### Exercise details
Could you return every line of the records below that contains the word "entities"?

### Dataset records

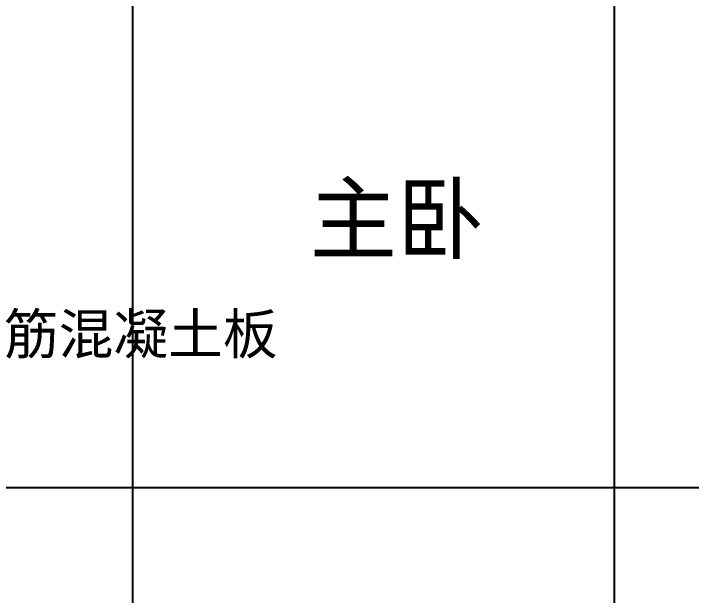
# Model space of a CAD drawing. Header units: metres. Extents: x 338339 to 1133840, y -479113 to 96125.
# Drawn here: x 393795 to 398861, y -208267 to -203920 of the extents above; entities that cross this region are included whole.
import ezdxf

# ---------------------------------------------------------------- set-up
doc = ezdxf.new("R2010")
doc.units = ezdxf.units.M
doc.layers.add('DOTE', color=1, linetype='Continuous')
doc.layers.add('PUB_TEXT', color=7, linetype='Continuous')

msp = doc.modelspace()

# ---------------------------------------------------------------- linework, layer by layer
at = {"layer": 'DOTE'}
for p, q in [((394686.2, -209361.05), (394686.2, -193961.05)), ((398286.2, -209361.05), (398286.2, -193961.05)), ((393686.2, -207461.05), (408486.2, -207461.05))]:
    msp.add_line(p, q, dxfattribs=at)

# ---------------------------------------------------------------- texts
at = {"insert": (364881.48, -206163.74), "char_height": 300, "attachment_point": 1}
msp.add_mtext('{\\f宋体|b0|i0|c134|p54;两毡三油撒铺绿豆砂；刷冷底于油一道；15厚水泥砂浆找平；40厚1：8水泥石母岩2%坡；刷冷底于油一道；热沥青脂二道；20厚1：3水泥砂浆找平；120厚预制钢筋混凝土板}', dxfattribs=at)
at = {"layer": 'PUB_TEXT'}
msp.add_text('主卧', height=500, dxfattribs=at).set_placement((396009.44, -205702.35))

doc.saveas('drawing.dxf')
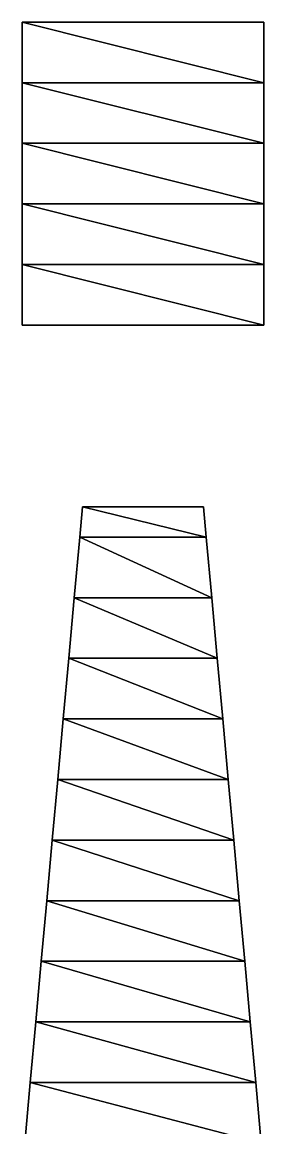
# Model space of a CAD drawing. Header units: metres. Extents: x -339 to -255, y -236 to -200.
# Drawn here: x -259 to -255, y -218.25 to -200 of the extents above; entities that cross this region are included whole.
import ezdxf

# ---------------------------------------------------------------- set-up
doc = ezdxf.new("R2010")
doc.units = ezdxf.units.M

msp = doc.modelspace()

# ---------------------------------------------------------------- linework, layer by layer
for points in [[(-259, -200, -346.41016), (-255, -201, -346.41016), (-255, -200, -346.41016), (-254.9999, -199.9999, -346.41006)], [(-259, -200, -366.41016), (-255, -201, -366.41016), (-255, -200, -366.41016), (-254.9999, -199.9999, -366.41006)], [(-258.5, -200, -366.41016), (-258.5, -200, -346.41016), (-259, -200, -366.41016), (-258.9999, -199.9999, -366.41006)], [(-259, -200, -366.41016), (-258.5, -200, -346.41016), (-258.5, -200, -366.41016), (-258.4999, -199.9999, -366.41006)], [(-258.5, -200, -346.41016), (-259, -200, -366.41016), (-259, -200, -346.41016), (-258.9999, -199.9999, -346.41006)], [(-259, -200, -346.41016), (-259, -200, -346.41016), (-258.5, -200, -346.41016), (-258.4999, -199.9999, -346.41006)], [(-259, -200, -346.41016), (-259, -200, -346.41016), (-259, -200, -366.41016), (-258.9999, -199.9999, -366.41006)], [(-259, -200, -366.41016), (-259, -201, -366.41016), (-259, -200, -346.41016), (-258.9999, -199.9999, -346.41006)], [(-259, -201, -366.41016), (-259, -200, -366.41016), (-259, -200, -346.41016), (-258.9999, -199.9999, -346.41006)], [(-255, -201, -346.41016), (-259, -200, -346.41016), (-259, -201, -346.41016), (-258.9999, -200.9999, -346.41006)], [(-255, -201, -366.41016), (-259, -200, -366.41016), (-259, -201, -366.41016), (-258.9999, -200.9999, -366.41006)], [(-259, -200, -346.41016), (-259, -201, -346.41016), (-259, -201, -366.41016), (-258.9999, -200.9999, -366.41006)], [(-259, -201, -346.41016), (-259, -200, -346.41016), (-259, -201, -346.41016), (-258.9999, -200.9999, -346.41006)], [(-257.5, -200, -366.41016), (-258.5, -200, -366.41016), (-257.5, -200, -346.41016), (-257.4999, -199.9999, -346.41006)], [(-258.5, -200, -366.41016), (-257.5, -200, -366.41016), (-257.5, -200, -346.41016), (-257.4999, -199.9999, -346.41006)], [(-257.5, -200, -346.41016), (-258.5, -200, -346.41016), (-258.5, -200, -366.41016), (-258.4999, -199.9999, -366.41006)], [(-258.5, -200, -346.41016), (-257.5, -200, -346.41016), (-258.5, -200, -346.41016), (-258.4999, -199.9999, -346.41006)], [(-258.5, -200, -346.41016), (-258.5, -200, -366.41016), (-258.5, -200, -346.41016), (-258.4999, -199.9999, -346.41006)], [(-256.5, -200, -366.41016), (-256.5, -200, -346.41016), (-257.5, -200, -366.41016), (-257.4999, -199.9999, -366.41006)], [(-257.5, -200, -366.41016), (-256.5, -200, -346.41016), (-256.5, -200, -366.41016), (-256.4999, -199.9999, -366.41006)], [(-256.5, -200, -346.41016), (-257.5, -200, -366.41016), (-257.5, -200, -346.41016), (-257.4999, -199.9999, -346.41006)], [(-257.5, -200, -346.41016), (-257.5, -200, -346.41016), (-256.5, -200, -346.41016), (-256.4999, -199.9999, -346.41006)], [(-257.5, -200, -346.41016), (-257.5, -200, -346.41016), (-257.5, -200, -366.41016), (-257.4999, -199.9999, -366.41006)], [(-255.5, -200, -366.41016), (-256.5, -200, -366.41016), (-255.5, -200, -346.41016), (-255.4999, -199.9999, -346.41006)], [(-256.5, -200, -366.41016), (-255.5, -200, -366.41016), (-255.5, -200, -346.41016), (-255.4999, -199.9999, -346.41006)], [(-255.5, -200, -346.41016), (-256.5, -200, -346.41016), (-256.5, -200, -366.41016), (-256.4999, -199.9999, -366.41006)], [(-256.5, -200, -346.41016), (-255.5, -200, -346.41016), (-256.5, -200, -346.41016), (-256.4999, -199.9999, -346.41006)], [(-256.5, -200, -346.41016), (-256.5, -200, -366.41016), (-256.5, -200, -346.41016), (-256.4999, -199.9999, -346.41006)], [(-255, -200, -366.41016), (-255, -200, -346.41016), (-255.5, -200, -366.41016), (-255.4999, -199.9999, -366.41006)], [(-255.5, -200, -366.41016), (-255, -200, -346.41016), (-255, -200, -366.41016), (-254.9999, -199.9999, -366.41006)], [(-255, -200, -346.41016), (-255.5, -200, -366.41016), (-255.5, -200, -346.41016), (-255.4999, -199.9999, -346.41006)], [(-255.5, -200, -346.41016), (-255.5, -200, -346.41016), (-255, -200, -346.41016), (-254.9999, -199.9999, -346.41006)], [(-255.5, -200, -346.41016), (-255.5, -200, -346.41016), (-255.5, -200, -366.41016), (-255.4999, -199.9999, -366.41006)], [(-255, -201, -346.41016), (-255, -200, -346.41016), (-255, -200, -366.41016), (-254.9999, -199.9999, -366.41006)], [(-255, -200, -346.41016), (-255, -201, -346.41016), (-255, -200, -346.41016), (-254.9999, -199.9999, -346.41006)], [(-255, -200, -346.41016), (-255, -200, -366.41016), (-255, -200, -346.41016), (-254.9999, -199.9999, -346.41006)], [(-255, -201, -366.41016), (-255, -200, -366.41016), (-255, -201, -346.41016), (-254.9999, -200.9999, -346.41006)], [(-255, -200, -366.41016), (-255, -201, -366.41016), (-255, -201, -346.41016), (-254.9999, -200.9999, -346.41006)], [(-259, -201, -346.41016), (-255, -202, -346.41016), (-255, -201, -346.41016), (-254.9999, -200.9999, -346.41006)], [(-259, -201, -366.41016), (-255, -202, -366.41016), (-255, -201, -366.41016), (-254.9999, -200.9999, -366.41006)], [(-259, -201, -346.41016), (-259, -201, -366.41016), (-259, -201, -346.41016), (-258.9999, -200.9999, -346.41006)], [(-259, -202, -366.41016), (-259, -201, -346.41016), (-259, -201, -366.41016), (-258.9999, -200.9999, -366.41006)], [(-259, -202, -346.41016), (-259, -202, -346.41016), (-259, -201, -346.41016), (-258.9999, -200.9999, -346.41006)], [(-255, -202, -346.41016), (-259, -201, -346.41016), (-259, -202, -346.41016), (-258.9999, -201.9999, -346.41006)], [(-255, -202, -366.41016), (-259, -201, -366.41016), (-259, -202, -366.41016), (-258.9999, -201.9999, -366.41006)], [(-259, -201, -366.41016), (-259, -201, -346.41016), (-259, -202, -366.41016), (-258.9999, -201.9999, -366.41006)], [(-259, -201, -346.41016), (-259, -202, -366.41016), (-259, -202, -346.41016), (-258.9999, -201.9999, -346.41006)], [(-255, -202, -366.41016), (-255, -202, -346.41016), (-255, -201, -366.41016), (-254.9999, -200.9999, -366.41006)], [(-255, -202, -346.41016), (-255, -201, -366.41016), (-255, -201, -346.41016), (-254.9999, -200.9999, -346.41006)], [(-255, -201, -346.41016), (-255, -201, -346.41016), (-255, -201, -366.41016), (-254.9999, -200.9999, -366.41006)], [(-255, -201, -366.41016), (-255, -202, -346.41016), (-255, -202, -366.41016), (-254.9999, -201.9999, -366.41006)], [(-255, -201, -346.41016), (-255, -201, -346.41016), (-255, -202, -346.41016), (-254.9999, -201.9999, -346.41006)], [(-259, -202, -346.41016), (-255, -203, -346.41016), (-255, -202, -346.41016), (-254.9999, -201.9999, -346.41006)], [(-259, -202, -366.41016), (-255, -203, -366.41016), (-255, -202, -366.41016), (-254.9999, -201.9999, -366.41006)], [(-259, -202, -346.41016), (-259, -202, -346.41016), (-259, -202, -366.41016), (-258.9999, -201.9999, -366.41006)], [(-259, -202, -366.41016), (-259, -203, -366.41016), (-259, -202, -346.41016), (-258.9999, -201.9999, -346.41006)], [(-259, -203, -366.41016), (-259, -202, -366.41016), (-259, -202, -346.41016), (-258.9999, -201.9999, -346.41006)], [(-255, -203, -346.41016), (-259, -202, -346.41016), (-259, -203, -346.41016), (-258.9999, -202.9999, -346.41006)], [(-255, -203, -366.41016), (-259, -202, -366.41016), (-259, -203, -366.41016), (-258.9999, -202.9999, -366.41006)], [(-259, -202, -346.41016), (-259, -203, -346.41016), (-259, -203, -366.41016), (-258.9999, -202.9999, -366.41006)], [(-259, -203, -346.41016), (-259, -202, -346.41016), (-259, -203, -346.41016), (-258.9999, -202.9999, -346.41006)], [(-255, -203, -346.41016), (-255, -202, -346.41016), (-255, -202, -366.41016), (-254.9999, -201.9999, -366.41006)], [(-255, -202, -346.41016), (-255, -203, -346.41016), (-255, -202, -346.41016), (-254.9999, -201.9999, -346.41006)], [(-255, -202, -346.41016), (-255, -202, -366.41016), (-255, -202, -346.41016), (-254.9999, -201.9999, -346.41006)], [(-255, -203, -366.41016), (-255, -202, -366.41016), (-255, -203, -346.41016), (-254.9999, -202.9999, -346.41006)], [(-255, -202, -366.41016), (-255, -203, -366.41016), (-255, -203, -346.41016), (-254.9999, -202.9999, -346.41006)], [(-259, -203, -346.41016), (-255, -204, -346.41016), (-255, -203, -346.41016), (-254.9999, -202.9999, -346.41006)], [(-259, -203, -366.41016), (-255, -204, -366.41016), (-255, -203, -366.41016), (-254.9999, -202.9999, -366.41006)], [(-259, -203, -346.41016), (-259, -203, -366.41016), (-259, -203, -346.41016), (-258.9999, -202.9999, -346.41006)], [(-259, -204, -366.41016), (-259, -203, -346.41016), (-259, -203, -366.41016), (-258.9999, -202.9999, -366.41006)], [(-259, -204, -346.41016), (-259, -204, -346.41016), (-259, -203, -346.41016), (-258.9999, -202.9999, -346.41006)], [(-255, -204, -346.41016), (-259, -203, -346.41016), (-259, -204, -346.41016), (-258.9999, -203.9999, -346.41006)], [(-255, -204, -366.41016), (-259, -203, -366.41016), (-259, -204, -366.41016), (-258.9999, -203.9999, -366.41006)], [(-259, -203, -366.41016), (-259, -203, -346.41016), (-259, -204, -366.41016), (-258.9999, -203.9999, -366.41006)], [(-259, -203, -346.41016), (-259, -204, -366.41016), (-259, -204, -346.41016), (-258.9999, -203.9999, -346.41006)], [(-255, -204, -366.41016), (-255, -204, -346.41016), (-255, -203, -366.41016), (-254.9999, -202.9999, -366.41006)], [(-255, -204, -346.41016), (-255, -203, -366.41016), (-255, -203, -346.41016), (-254.9999, -202.9999, -346.41006)], [(-255, -203, -346.41016), (-255, -203, -346.41016), (-255, -203, -366.41016), (-254.9999, -202.9999, -366.41006)], [(-255, -203, -366.41016), (-255, -204, -346.41016), (-255, -204, -366.41016), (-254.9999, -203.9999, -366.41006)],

### Completed task
# Drawn here: x 393795 to 398861, y -208267 to -203920 of the extents above; entities that cross this region are included whole.
# Drawn here: x -259 to -255, y -218.25 to -200 of the extents above; entities that cross this region are included whole.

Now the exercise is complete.